Start of Block

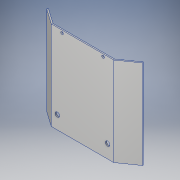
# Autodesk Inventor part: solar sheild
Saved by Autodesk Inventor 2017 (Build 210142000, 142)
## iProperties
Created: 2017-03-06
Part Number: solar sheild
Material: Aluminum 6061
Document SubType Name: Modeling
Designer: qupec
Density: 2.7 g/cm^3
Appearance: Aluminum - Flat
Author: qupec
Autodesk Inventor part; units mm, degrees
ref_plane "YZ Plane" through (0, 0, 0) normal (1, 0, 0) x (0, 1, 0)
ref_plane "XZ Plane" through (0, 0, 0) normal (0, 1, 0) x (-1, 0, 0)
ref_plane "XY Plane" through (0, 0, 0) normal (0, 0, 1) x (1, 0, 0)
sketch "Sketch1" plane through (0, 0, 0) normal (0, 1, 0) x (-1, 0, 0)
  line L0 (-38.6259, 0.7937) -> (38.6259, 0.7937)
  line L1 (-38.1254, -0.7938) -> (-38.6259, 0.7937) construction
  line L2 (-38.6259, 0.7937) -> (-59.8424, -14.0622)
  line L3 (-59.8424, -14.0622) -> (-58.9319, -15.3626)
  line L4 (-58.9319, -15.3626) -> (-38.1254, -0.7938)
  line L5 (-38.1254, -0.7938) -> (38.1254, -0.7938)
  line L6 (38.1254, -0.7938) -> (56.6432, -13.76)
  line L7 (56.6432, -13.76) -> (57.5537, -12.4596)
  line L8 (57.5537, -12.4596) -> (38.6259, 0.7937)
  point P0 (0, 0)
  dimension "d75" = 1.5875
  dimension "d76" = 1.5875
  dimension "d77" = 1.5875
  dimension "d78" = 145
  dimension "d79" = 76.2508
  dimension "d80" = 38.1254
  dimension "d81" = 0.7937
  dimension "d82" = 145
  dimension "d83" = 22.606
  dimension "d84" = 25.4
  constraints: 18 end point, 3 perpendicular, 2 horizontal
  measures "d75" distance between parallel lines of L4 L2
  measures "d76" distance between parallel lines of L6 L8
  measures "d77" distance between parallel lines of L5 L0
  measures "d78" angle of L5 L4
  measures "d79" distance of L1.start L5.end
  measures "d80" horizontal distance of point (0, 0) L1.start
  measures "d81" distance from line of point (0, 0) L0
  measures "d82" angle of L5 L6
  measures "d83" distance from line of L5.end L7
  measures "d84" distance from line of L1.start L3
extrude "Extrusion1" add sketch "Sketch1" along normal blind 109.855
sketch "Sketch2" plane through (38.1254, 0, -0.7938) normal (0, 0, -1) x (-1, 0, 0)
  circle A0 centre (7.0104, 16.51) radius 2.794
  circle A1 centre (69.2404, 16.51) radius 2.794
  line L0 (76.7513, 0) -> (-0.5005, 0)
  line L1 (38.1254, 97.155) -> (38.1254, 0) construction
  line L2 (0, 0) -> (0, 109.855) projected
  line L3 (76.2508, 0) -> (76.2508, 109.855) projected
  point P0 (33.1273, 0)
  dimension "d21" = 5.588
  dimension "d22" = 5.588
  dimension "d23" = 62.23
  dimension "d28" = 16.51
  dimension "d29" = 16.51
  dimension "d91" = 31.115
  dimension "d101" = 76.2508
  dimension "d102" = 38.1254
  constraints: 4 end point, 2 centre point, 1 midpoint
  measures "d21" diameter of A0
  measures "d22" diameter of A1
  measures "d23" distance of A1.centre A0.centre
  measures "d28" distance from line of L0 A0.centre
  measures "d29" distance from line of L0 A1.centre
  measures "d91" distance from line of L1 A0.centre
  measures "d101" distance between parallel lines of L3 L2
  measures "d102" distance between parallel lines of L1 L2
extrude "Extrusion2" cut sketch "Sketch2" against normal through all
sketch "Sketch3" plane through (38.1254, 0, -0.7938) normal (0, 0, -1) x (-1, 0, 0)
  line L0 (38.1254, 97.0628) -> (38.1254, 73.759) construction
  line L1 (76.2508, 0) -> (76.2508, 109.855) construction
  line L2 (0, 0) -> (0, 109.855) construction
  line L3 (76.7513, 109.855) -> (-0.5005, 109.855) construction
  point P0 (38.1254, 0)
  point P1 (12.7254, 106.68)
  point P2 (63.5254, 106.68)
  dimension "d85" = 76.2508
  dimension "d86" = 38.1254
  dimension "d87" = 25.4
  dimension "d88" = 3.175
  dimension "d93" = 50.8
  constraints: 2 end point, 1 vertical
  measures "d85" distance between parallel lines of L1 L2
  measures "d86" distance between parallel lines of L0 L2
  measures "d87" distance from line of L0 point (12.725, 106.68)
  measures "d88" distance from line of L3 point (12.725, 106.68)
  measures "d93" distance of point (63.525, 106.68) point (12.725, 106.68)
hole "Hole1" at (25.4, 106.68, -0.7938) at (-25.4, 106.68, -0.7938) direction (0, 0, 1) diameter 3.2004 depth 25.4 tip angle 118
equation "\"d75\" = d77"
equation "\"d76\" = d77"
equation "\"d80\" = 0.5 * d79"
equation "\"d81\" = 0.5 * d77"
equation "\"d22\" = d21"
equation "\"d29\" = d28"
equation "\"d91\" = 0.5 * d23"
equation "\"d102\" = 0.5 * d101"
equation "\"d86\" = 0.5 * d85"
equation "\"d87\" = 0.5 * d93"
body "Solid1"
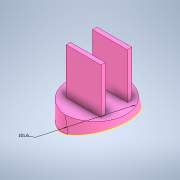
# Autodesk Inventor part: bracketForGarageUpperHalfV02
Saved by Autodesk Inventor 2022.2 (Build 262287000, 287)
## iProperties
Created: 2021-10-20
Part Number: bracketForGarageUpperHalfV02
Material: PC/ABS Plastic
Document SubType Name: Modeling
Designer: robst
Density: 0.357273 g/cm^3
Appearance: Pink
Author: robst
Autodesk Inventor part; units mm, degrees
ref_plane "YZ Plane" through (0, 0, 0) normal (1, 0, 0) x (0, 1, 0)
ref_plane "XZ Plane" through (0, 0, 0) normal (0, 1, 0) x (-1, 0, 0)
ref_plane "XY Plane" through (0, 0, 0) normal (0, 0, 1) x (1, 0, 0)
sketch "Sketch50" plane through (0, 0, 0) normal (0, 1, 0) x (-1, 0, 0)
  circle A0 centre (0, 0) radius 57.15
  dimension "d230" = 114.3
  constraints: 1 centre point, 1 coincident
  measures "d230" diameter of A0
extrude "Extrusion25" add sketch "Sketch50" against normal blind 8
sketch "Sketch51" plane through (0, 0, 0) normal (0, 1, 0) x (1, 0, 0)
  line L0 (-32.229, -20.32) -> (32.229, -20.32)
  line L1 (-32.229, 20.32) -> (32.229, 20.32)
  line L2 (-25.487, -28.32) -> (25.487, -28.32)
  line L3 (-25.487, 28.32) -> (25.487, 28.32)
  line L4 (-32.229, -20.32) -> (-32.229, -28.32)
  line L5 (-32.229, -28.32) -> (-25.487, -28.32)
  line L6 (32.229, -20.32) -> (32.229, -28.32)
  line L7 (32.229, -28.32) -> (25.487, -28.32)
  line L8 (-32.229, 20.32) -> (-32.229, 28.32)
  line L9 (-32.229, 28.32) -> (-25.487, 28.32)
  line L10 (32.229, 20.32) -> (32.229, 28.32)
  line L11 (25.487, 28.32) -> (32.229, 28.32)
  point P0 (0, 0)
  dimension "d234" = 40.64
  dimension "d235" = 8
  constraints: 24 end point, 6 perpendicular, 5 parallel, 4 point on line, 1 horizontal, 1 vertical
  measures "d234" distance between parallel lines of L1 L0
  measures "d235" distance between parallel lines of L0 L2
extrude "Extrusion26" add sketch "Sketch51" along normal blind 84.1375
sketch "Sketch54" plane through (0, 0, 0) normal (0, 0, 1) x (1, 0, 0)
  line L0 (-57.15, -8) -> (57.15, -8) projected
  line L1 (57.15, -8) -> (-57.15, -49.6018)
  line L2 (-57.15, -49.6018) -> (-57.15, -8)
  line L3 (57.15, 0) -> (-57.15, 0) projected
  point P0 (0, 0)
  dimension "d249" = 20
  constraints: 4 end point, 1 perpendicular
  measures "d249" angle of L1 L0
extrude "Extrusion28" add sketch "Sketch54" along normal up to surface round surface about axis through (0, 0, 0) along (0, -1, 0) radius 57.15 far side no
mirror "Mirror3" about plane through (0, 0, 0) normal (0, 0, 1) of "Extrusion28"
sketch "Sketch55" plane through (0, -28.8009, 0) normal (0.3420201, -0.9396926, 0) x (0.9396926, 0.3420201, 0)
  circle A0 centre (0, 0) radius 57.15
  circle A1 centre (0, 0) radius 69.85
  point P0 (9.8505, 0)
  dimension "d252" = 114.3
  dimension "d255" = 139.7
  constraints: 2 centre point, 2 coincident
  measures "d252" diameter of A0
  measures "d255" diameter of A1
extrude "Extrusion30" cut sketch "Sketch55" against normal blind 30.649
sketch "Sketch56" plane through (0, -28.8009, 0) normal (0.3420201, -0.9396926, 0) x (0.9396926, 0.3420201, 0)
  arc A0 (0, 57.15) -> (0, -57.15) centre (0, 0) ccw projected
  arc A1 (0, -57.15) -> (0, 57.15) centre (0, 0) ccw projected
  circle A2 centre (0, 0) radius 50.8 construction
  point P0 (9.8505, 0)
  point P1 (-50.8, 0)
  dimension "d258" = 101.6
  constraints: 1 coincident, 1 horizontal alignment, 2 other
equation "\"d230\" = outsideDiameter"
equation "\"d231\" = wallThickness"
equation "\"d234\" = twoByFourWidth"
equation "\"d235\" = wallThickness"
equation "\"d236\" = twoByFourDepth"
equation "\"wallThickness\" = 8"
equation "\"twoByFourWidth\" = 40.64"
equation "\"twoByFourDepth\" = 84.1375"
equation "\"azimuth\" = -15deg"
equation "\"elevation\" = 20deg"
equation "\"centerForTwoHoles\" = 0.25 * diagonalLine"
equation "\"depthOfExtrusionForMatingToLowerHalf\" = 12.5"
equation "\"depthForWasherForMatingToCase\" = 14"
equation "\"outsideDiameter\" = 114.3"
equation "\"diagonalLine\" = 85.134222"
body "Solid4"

End of Block

▸ **Your goal**: In the entries above, how many lines contain the word "extrude"? Answer with the number only.

▸ **Result of this exercise**: 6